QuickTake:
It's a small, simple thing, but better to add a little bit more human connection in the world whenever you can.
“Was someone waving at you?” my husband asked.
We were returning from our customary walk to the railroad tracks on 99E and passing the neighbors’ house, the family with lots of children, and I had just waved enthusiastically at the front window.
“No, no one was waving,” I said, “but when I walk by this house I always think ‘what if one of those cute little kids is in there looking out of that big living room window, and they can see us but we can’t see them because of how the light reflects, and they’re all excited because they know us, and they’re frantically waving, and I don’t wave back?’ That would be terrible.”
Paul said carefully, after a long pause, that such a thought would never in his entire life have occurred to him.
I also wave when we walk by the older gentleman’s house to the south of us, because if Max is sitting in the living room, he can see us clearly but we can’t see him, again because the light reflects off the window, and it would be so sad if we didn’t wave at him.
I also wave when the Amtrak trains go by when I’m working outside, because I know there are real people in there, and maybe they would just love some human connection. They gaze out the window and everyone ignores them until they get to that red barn just north of Harrisburg, and that lady out in her dahlia bed can be counted on to wave with her whole arm high up in the air. “Hello, I see you! Have a nice trip!” she says.
I blame it on growing up in Minnesota where you’re expected to say “Hi” to everyone you encounter in the grocery store and wave to everyone you meet on the road as well as farmers in the field when you drive by. Fellow humans must be acknowledged and not ignored. To do otherwise is rude.
I think it’s a lovely way of life.
There’s a whole range of waves there, from one index finger lifted from the steering wheel — the farmer wave — to the enthusiastic wave and smile when you’re getting the mail and Mrs. Jorgenson from down the road drives by.
There’s also the rarely used window-wiping royalty wave, which I’ve used only once, back in the 1980s when my sister Margaret and I accidentally turned down the parade route one July day in Willmar, Minnesota. While she desperately tried to find a side street to turn onto, I decided to make the most of the moment, waving elaborately and smiling at the crowds on the sidewalk like I was the Meeker County Dairy Princess or maybe even Queen Elizabeth.
Margaret was mortified.
I didn’t realize how my Minnesota ways had rubbed off on my children until we visited my in-laws in Oregon when our oldest son was about 8 years old. He asked if he and a cousin could walk to the Smucker warehouse half a mile away. I said yes, and they left.
Suddenly, my mother-in-law hurried outside and drove off in her car. A few minutes later, she returned. “I looked down the road and saw Matthew waving at truck drivers,” she explained. “So I drove down there and told him not to do that. It’s not safe.”
Later, privately, I told Matt he can wave all he wants. Farmhands in seed trucks on Powerline Road aren’t going to pull off the road to bother a little boy waving. I was happy to see him acting like a Midwesterner.
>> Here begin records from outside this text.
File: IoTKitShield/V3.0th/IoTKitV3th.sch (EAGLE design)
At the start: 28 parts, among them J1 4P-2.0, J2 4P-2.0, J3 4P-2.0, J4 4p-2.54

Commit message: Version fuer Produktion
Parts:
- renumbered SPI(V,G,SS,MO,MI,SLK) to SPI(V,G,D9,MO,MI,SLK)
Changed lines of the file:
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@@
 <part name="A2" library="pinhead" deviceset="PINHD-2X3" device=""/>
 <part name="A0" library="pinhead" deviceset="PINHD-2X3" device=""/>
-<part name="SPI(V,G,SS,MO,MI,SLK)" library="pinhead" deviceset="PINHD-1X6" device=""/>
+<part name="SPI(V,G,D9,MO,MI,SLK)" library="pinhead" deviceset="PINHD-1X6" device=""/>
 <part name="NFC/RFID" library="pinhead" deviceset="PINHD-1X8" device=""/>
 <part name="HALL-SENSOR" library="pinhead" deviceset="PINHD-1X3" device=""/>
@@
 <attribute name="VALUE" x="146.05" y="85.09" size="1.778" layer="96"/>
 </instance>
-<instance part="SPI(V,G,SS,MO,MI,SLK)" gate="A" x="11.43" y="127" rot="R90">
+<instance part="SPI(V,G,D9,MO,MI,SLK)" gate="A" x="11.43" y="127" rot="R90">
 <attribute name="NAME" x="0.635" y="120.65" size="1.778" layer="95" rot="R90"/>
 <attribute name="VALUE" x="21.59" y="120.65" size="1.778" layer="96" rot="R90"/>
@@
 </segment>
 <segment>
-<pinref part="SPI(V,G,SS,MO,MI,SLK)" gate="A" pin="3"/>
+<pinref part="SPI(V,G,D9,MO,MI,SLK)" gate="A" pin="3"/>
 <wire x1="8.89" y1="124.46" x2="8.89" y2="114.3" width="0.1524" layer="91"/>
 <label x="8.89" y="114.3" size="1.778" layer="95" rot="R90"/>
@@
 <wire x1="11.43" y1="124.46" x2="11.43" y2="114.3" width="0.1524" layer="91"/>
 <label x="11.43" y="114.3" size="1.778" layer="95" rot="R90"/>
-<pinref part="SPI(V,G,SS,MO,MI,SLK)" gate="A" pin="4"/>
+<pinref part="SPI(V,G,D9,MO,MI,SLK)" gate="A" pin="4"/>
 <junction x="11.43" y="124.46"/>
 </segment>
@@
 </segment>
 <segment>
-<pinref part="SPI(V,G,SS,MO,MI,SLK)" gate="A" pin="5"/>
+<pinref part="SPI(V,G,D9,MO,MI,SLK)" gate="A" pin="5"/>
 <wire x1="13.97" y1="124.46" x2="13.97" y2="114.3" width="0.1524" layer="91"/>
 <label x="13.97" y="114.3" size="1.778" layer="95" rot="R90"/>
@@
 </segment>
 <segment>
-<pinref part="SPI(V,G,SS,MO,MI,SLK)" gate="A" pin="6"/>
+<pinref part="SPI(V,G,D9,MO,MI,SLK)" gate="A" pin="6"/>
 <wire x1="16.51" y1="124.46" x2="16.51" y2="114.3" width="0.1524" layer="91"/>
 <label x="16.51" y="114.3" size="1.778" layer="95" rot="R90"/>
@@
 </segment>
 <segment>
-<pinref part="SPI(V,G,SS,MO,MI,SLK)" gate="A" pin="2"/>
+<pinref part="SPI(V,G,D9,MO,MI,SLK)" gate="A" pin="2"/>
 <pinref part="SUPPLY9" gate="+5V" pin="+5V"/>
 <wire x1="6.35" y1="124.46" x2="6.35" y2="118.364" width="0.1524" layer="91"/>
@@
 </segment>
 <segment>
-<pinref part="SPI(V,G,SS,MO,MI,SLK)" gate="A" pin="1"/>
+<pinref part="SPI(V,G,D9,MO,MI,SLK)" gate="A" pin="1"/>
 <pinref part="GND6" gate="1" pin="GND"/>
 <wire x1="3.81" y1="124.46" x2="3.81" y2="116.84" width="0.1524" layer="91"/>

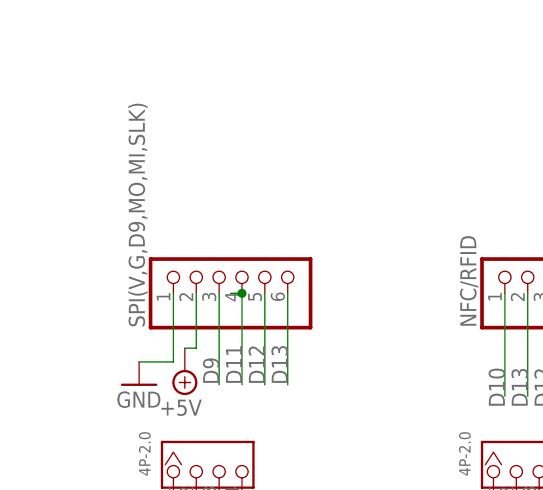
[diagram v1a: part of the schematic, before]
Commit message: Textkorrekturen
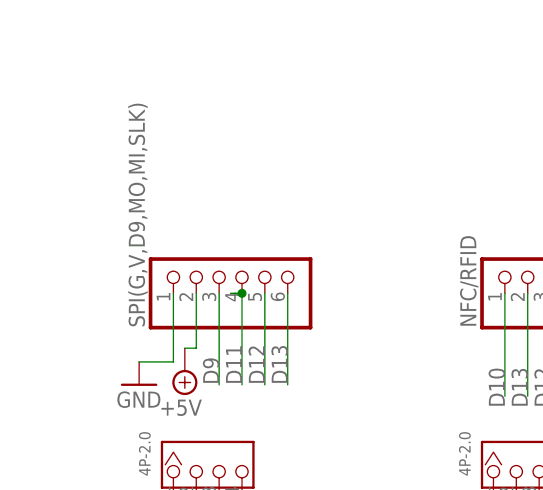
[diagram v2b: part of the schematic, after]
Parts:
- renumbered SPI(V,G,D9,MO,MI,SLK) to SPI(G,V,D9,MO,MI,SLK)
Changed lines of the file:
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@@
 <part name="A2" library="pinhead" deviceset="PINHD-2X3" device=""/>
 <part name="A0" library="pinhead" deviceset="PINHD-2X3" device=""/>
-<part name="SPI(V,G,D9,MO,MI,SLK)" library="pinhead" deviceset="PINHD-1X6" device=""/>
+<part name="SPI(G,V,D9,MO,MI,SLK)" library="pinhead" deviceset="PINHD-1X6" device=""/>
 <part name="NFC/RFID" library="pinhead" deviceset="PINHD-1X8" device=""/>
 <part name="HALL-SENSOR" library="pinhead" deviceset="PINHD-1X3" device=""/>
@@
 <attribute name="VALUE" x="146.05" y="85.09" size="1.778" layer="96"/>
 </instance>
-<instance part="SPI(V,G,D9,MO,MI,SLK)" gate="A" x="11.43" y="127" rot="R90">
+<instance part="SPI(G,V,D9,MO,MI,SLK)" gate="A" x="11.43" y="127" rot="R90">
 <attribute name="NAME" x="0.635" y="120.65" size="1.778" layer="95" rot="R90"/>
 <attribute name="VALUE" x="21.59" y="120.65" size="1.778" layer="96" rot="R90"/>
@@
 </segment>
 <segment>
-<pinref part="SPI(V,G,D9,MO,MI,SLK)" gate="A" pin="3"/>
+<pinref part="SPI(G,V,D9,MO,MI,SLK)" gate="A" pin="3"/>
 <wire x1="8.89" y1="124.46" x2="8.89" y2="114.3" width="0.1524" layer="91"/>
 <label x="8.89" y="114.3" size="1.778" layer="95" rot="R90"/>
@@
 <wire x1="11.43" y1="124.46" x2="11.43" y2="114.3" width="0.1524" layer="91"/>
 <label x="11.43" y="114.3" size="1.778" layer="95" rot="R90"/>
-<pinref part="SPI(V,G,D9,MO,MI,SLK)" gate="A" pin="4"/>
+<pinref part="SPI(G,V,D9,MO,MI,SLK)" gate="A" pin="4"/>
 <junction x="11.43" y="124.46"/>
 </segment>
@@
 </segment>
 <segment>
-<pinref part="SPI(V,G,D9,MO,MI,SLK)" gate="A" pin="5"/>
+<pinref part="SPI(G,V,D9,MO,MI,SLK)" gate="A" pin="5"/>
 <wire x1="13.97" y1="124.46" x2="13.97" y2="114.3" width="0.1524" layer="91"/>
 <label x="13.97" y="114.3" size="1.778" layer="95" rot="R90"/>
@@
 </segment>
 <segment>
-<pinref part="SPI(V,G,D9,MO,MI,SLK)" gate="A" pin="6"/>
+<pinref part="SPI(G,V,D9,MO,MI,SLK)" gate="A" pin="6"/>
 <wire x1="16.51" y1="124.46" x2="16.51" y2="114.3" width="0.1524" layer="91"/>
 <label x="16.51" y="114.3" size="1.778" layer="95" rot="R90"/>
@@
 </segment>
 <segment>
-<pinref part="SPI(V,G,D9,MO,MI,SLK)" gate="A" pin="2"/>
+<pinref part="SPI(G,V,D9,MO,MI,SLK)" gate="A" pin="2"/>
 <pinref part="SUPPLY9" gate="+5V" pin="+5V"/>
 <wire x1="6.35" y1="124.46" x2="6.35" y2="118.364" width="0.1524" layer="91"/>
@@
 </segment>
 <segment>
-<pinref part="SPI(V,G,D9,MO,MI,SLK)" gate="A" pin="1"/>
+<pinref part="SPI(G,V,D9,MO,MI,SLK)" gate="A" pin="1"/>
 <pinref part="GND6" gate="1" pin="GND"/>
 <wire x1="3.81" y1="124.46" x2="3.81" y2="116.84" width="0.1524" layer="91"/>

My mother-in-law grew up in Pennsylvania, and I wasn’t sure if this caution was an East Coast custom or an Oregon rule.
We moved into a house next to Interstate 5 in 1994, and my children loved to walk to the nearby overpass with me and “honk trucks,” our family’s version of waving at passing traffic. The kids would stand at the guard rail and pump their arms up and down when a semi-truck approached on the highway down below. If the driver honked, the kids were thrilled.
One day when Matt and Amy were about 11 and 9 years old, they asked to go by themselves. I said yes, as they had proved their sense and caution on the road.
Soon they came slinking home, wide-eyed and ashamed. A policeman had stopped and told them to go home. He didn’t trust them not to drop rocks on vehicles.
I assured them that we all know they would never do such a thing, but there are bad people who would, and he was only being careful.
In the years since, I’ve concluded that Oregon people wave at people they know and not at random strangers. This creates a problem, though, because it’s often hard to see who’s driving a car until you’re right beside it, and I am terrible at recognizing vehicles.
So I wave a lot, just in case. A few fingers off the steering wheel, a quick wrist wave to drivers when I’m on a walk, even a full-arm wave to the afternoon Southwest plane curving overhead and coming in to land in Eugene.
Connection from one human to another is the goal, and better too much than not enough — that’s what I think, and I’m sure every Minnesotan would agree.